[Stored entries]
---

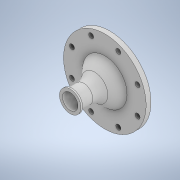
# Autodesk Inventor part: Крышка_быстроходного
Saved by Autodesk Inventor 2021 (Build 250183000, 183)
## iProperties
Created: 2023-03-23
Part Number: Крышка_быстроходного
Material: Типовые
Document SubType Name: Modeling
Designer: gdevc
Density: 1 g/cm^3
Appearance: По умолчанию
Mass: 638.282 g
Surface Area: 1460.85 cm^2
Volume: 638.282 cm^3
Author: gdevc
Autodesk Inventor part; units mm, degrees
ref_plane "YZ Plane" through (0, 0, 0) normal (1, 0, 0) x (0, 1, 0)
ref_plane "XZ Plane" through (0, 0, 0) normal (0, 1, 0) x (-1, 0, 0)
ref_plane "XY Plane" through (0, 0, 0) normal (0, 0, 1) x (1, 0, 0)
sketch "Эскиз1" plane through (0, 0, 0) normal (1, 0, 0) x (0, 1, 0)
  line L0 (0, 0) -> (0, -73.7994) construction
  line L1 (23.5, 0) -> (23.5, -65.8206)
  line L2 (23.5, -65.8206) -> (67.6779, -115.777)
  line L3 (125, -110.9688) -> (125, -104.777)
  line L4 (125, -104.777) -> (67.2948, -104.777)
  line L5 (67.2948, -104.777) -> (40.0448, -73.9627)
  line L6 (27.5, -40.8401) -> (27.5, -5)
  line L7 (27.5, -5) -> (32.5, -5)
  line L8 (32.5, -5) -> (32.5, 0)
  line L9 (32.5, 0) -> (23.5, 0)
  line L10 (67.6779, -115.777) -> (90, -115.777)
  line L11 (90, -115.777) -> (90, -119.777)
  line L12 (90, -119.777) -> (125, -119.777)
  line L13 (125, -119.777) -> (125, -110.9688)
  arc A0 (27.5, -40.8401) -> (40.0448, -73.9627) centre (77.5, -40.8401) ccw
  point P0 (27.5, -59.777)
  point P1 (125, -98)
  dimension "d13" = 47
  dimension "d14" = 180
  dimension "d15" = 250
  dimension "d16" = 7
  dimension "d18" = 0
  dimension "d19" = 15
  dimension "d20" = 4
  dimension "d21" = 65
  dimension "d22" = 4
  dimension "d23" = 5
  dimension "d24" = 59.777
  dimension "d25" = 60
  dimension "d53" = 50
  constraints: 28 end point, 7 perpendicular, 2 parallel, 2 point on circle, 2 point on line, 2 tangent, 2 vertical, 1 centre point, 1 horizontal
  measures "d13" diameter of L1 L0
  measures "d14" diameter of L11 L0
  measures "d15" diameter of L13 L0
  measures "d16" distance between parallel lines of L2 L5
  measures "d18" distance from line of L0.start L9
  measures "d19" distance between parallel lines of L12 L4
  measures "d20" distance of L10.end L11.end
  measures "d21" diameter of L8 L0
  measures "d22" distance between parallel lines of L1 L6
  measures "d23" distance between parallel lines of L9 L7
  measures "d24" vertical distance of L0.start point (27.5, -59.777)
  measures "d25" distance from line of L12 point (27.5, -59.777)
  measures "d53" radius of A0
revolve "Вращение1" add sketch "Эскиз1" angle 360 about axis through (0, 0, 0) along (0, 0, -1)
sketch "Эскиз2" plane through (0, 0, -119.777) normal (0, 0, -1) x (-1, 0, 0)
  circle A0 centre (-41.139, 99.317) radius 7.5
  circle A1 centre (0, 0) radius 107.5
  circle A2 centre (-99.3174, 41.1381) radius 7.5
  circle A3 centre (-99.317, -41.139) radius 7.5
  circle A4 centre (-41.1381, -99.3174) radius 7.5
  circle A5 centre (41.139, -99.317) radius 7.5
  circle A6 centre (99.3174, -41.1381) radius 7.5
  circle A7 centre (99.317, 41.139) radius 7.5
  circle A8 centre (41.1381, 99.3174) radius 7.5
  dimension "d27" = 215
  dimension "d28" = 15
  dimension "d29" = 41.139
  dimension "d30" = 99.317
  dimension "d33" = 360
  constraints: 9 centre point, 1 coincident, 17 other
  measures "d27" diameter of A1
  measures "d28" diameter of A0
  measures "d29" horizontal distance of point (0, 0) A0.centre
  measures "d30" vertical distance of point (0, 0) A0.centre
extrude "Выдавливание1" cut sketch "Эскиз2" against normal through all contours A0 A1 | A1 A0 | A8 A1 | A1 A8 | A2 A1 | A1 A2 | A7 A1 | A1 A7 | A3 A1 | A1 A3 | A4 A1 | A1 A4 | A6 A1 | A1 A6 | A5 A1 | A1 A5
thread "Резьба1" size "M15x1.5" class "6H" standard "ISO Metric profile" length 18
thread "Резьба2" size "M15x1.5" class "6H" standard "ISO Metric profile" length 18
thread "Резьба3" size "M15x1.5" class "6H" standard "ISO Metric profile" length 18
thread "Резьба4" size "M15x1.5" class "6H" standard "ISO Metric profile" length 18
thread "Резьба5" size "M15x1.5" class "6H" standard "ISO Metric profile" length 18
thread "Резьба6" size "M15x1.5" class "6H" standard "ISO Metric profile" length 18
thread "Резьба7" size "M15x1.5" class "6H" standard "ISO Metric profile" length 18
thread "Резьба8" size "M15x1.5" class "6H" standard "ISO Metric profile" length 18

---

**Exercise directions**
Return all the lines above exactly; none of the pictures should appear.

**Task answer**
# Autodesk Inventor part: Крышка_быстроходного
Saved by Autodesk Inventor 2021 (Build 250183000, 183)
## iProperties
Created: 2023-03-23
Part Number: Крышка_быстроходного
Material: Типовые
Document SubType Name: Modeling
Designer: gdevc
Density: 1 g/cm^3
Appearance: По умолчанию
Mass: 638.282 g
Surface Area: 1460.85 cm^2
Volume: 638.282 cm^3
Author: gdevc
Autodesk Inventor part; units mm, degrees
ref_plane "YZ Plane" through (0, 0, 0) normal (1, 0, 0) x (0, 1, 0)
ref_plane "XZ Plane" through (0, 0, 0) normal (0, 1, 0) x (-1, 0, 0)
ref_plane "XY Plane" through (0, 0, 0) normal (0, 0, 1) x (1, 0, 0)
sketch "Эскиз1" plane through (0, 0, 0) normal (1, 0, 0) x (0, 1, 0)
  line L0 (0, 0) -> (0, -73.7994) construction
  line L1 (23.5, 0) -> (23.5, -65.8206)
  line L2 (23.5, -65.8206) -> (67.6779, -115.777)
  line L3 (125, -110.9688) -> (125, -104.777)
  line L4 (125, -104.777) -> (67.2948, -104.777)
  line L5 (67.2948, -104.777) -> (40.0448, -73.9627)
  line L6 (27.5, -40.8401) -> (27.5, -5)
  line L7 (27.5, -5) -> (32.5, -5)
  line L8 (32.5, -5) -> (32.5, 0)
  line L9 (32.5, 0) -> (23.5, 0)
  line L10 (67.6779, -115.777) -> (90, -115.777)
  line L11 (90, -115.777) -> (90, -119.777)
  line L12 (90, -119.777) -> (125, -119.777)
  line L13 (125, -119.777) -> (125, -110.9688)
  arc A0 (27.5, -40.8401) -> (40.0448, -73.9627) centre (77.5, -40.8401) ccw
  point P0 (27.5, -59.777)
  point P1 (125, -98)
  dimension "d13" = 47
  dimension "d14" = 180
  dimension "d15" = 250
  dimension "d16" = 7
  dimension "d18" = 0
  dimension "d19" = 15
  dimension "d20" = 4
  dimension "d21" = 65
  dimension "d22" = 4
  dimension "d23" = 5
  dimension "d24" = 59.777
  dimension "d25" = 60
  dimension "d53" = 50
  constraints: 28 end point, 7 perpendicular, 2 parallel, 2 point on circle, 2 point on line, 2 tangent, 2 vertical, 1 centre point, 1 horizontal
  measures "d13" diameter of L1 L0
  measures "d14" diameter of L11 L0
  measures "d15" diameter of L13 L0
  measures "d16" distance between parallel lines of L2 L5
  measures "d18" distance from line of L0.start L9
  measures "d19" distance between parallel lines of L12 L4
  measures "d20" distance of L10.end L11.end
  measures "d21" diameter of L8 L0
  measures "d22" distance between parallel lines of L1 L6
  measures "d23" distance between parallel lines of L9 L7
  measures "d24" vertical distance of L0.start point (27.5, -59.777)
  measures "d25" distance from line of L12 point (27.5, -59.777)
  measures "d53" radius of A0
revolve "Вращение1" add sketch "Эскиз1" angle 360 about axis through (0, 0, 0) along (0, 0, -1)
sketch "Эскиз2" plane through (0, 0, -119.777) normal (0, 0, -1) x (-1, 0, 0)
  circle A0 centre (-41.139, 99.317) radius 7.5
  circle A1 centre (0, 0) radius 107.5
  circle A2 centre (-99.3174, 41.1381) radius 7.5
  circle A3 centre (-99.317, -41.139) radius 7.5
  circle A4 centre (-41.1381, -99.3174) radius 7.5
  circle A5 centre (41.139, -99.317) radius 7.5
  circle A6 centre (99.3174, -41.1381) radius 7.5
  circle A7 centre (99.317, 41.139) radius 7.5
  circle A8 centre (41.1381, 99.3174) radius 7.5
  dimension "d27" = 215
  dimension "d28" = 15
  dimension "d29" = 41.139
  dimension "d30" = 99.317
  dimension "d33" = 360
  constraints: 9 centre point, 1 coincident, 17 other
  measures "d27" diameter of A1
  measures "d28" diameter of A0
  measures "d29" horizontal distance of point (0, 0) A0.centre
  measures "d30" vertical distance of point (0, 0) A0.centre
extrude "Выдавливание1" cut sketch "Эскиз2" against normal through all contours A0 A1 | A1 A0 | A8 A1 | A1 A8 | A2 A1 | A1 A2 | A7 A1 | A1 A7 | A3 A1 | A1 A3 | A4 A1 | A1 A4 | A6 A1 | A1 A6 | A5 A1 | A1 A5
thread "Резьба1" size "M15x1.5" class "6H" standard "ISO Metric profile" length 18
thread "Резьба2" size "M15x1.5" class "6H" standard "ISO Metric profile" length 18
thread "Резьба3" size "M15x1.5" class "6H" standard "ISO Metric profile" length 18
thread "Резьба4" size "M15x1.5" class "6H" standard "ISO Metric profile" length 18
thread "Резьба5" size "M15x1.5" class "6H" standard "ISO Metric profile" length 18
thread "Резьба6" size "M15x1.5" class "6H" standard "ISO Metric profile" length 18
thread "Резьба7" size "M15x1.5" class "6H" standard "ISO Metric profile" length 18
thread "Резьба8" size "M15x1.5" class "6H" standard "ISO Metric profile" length 18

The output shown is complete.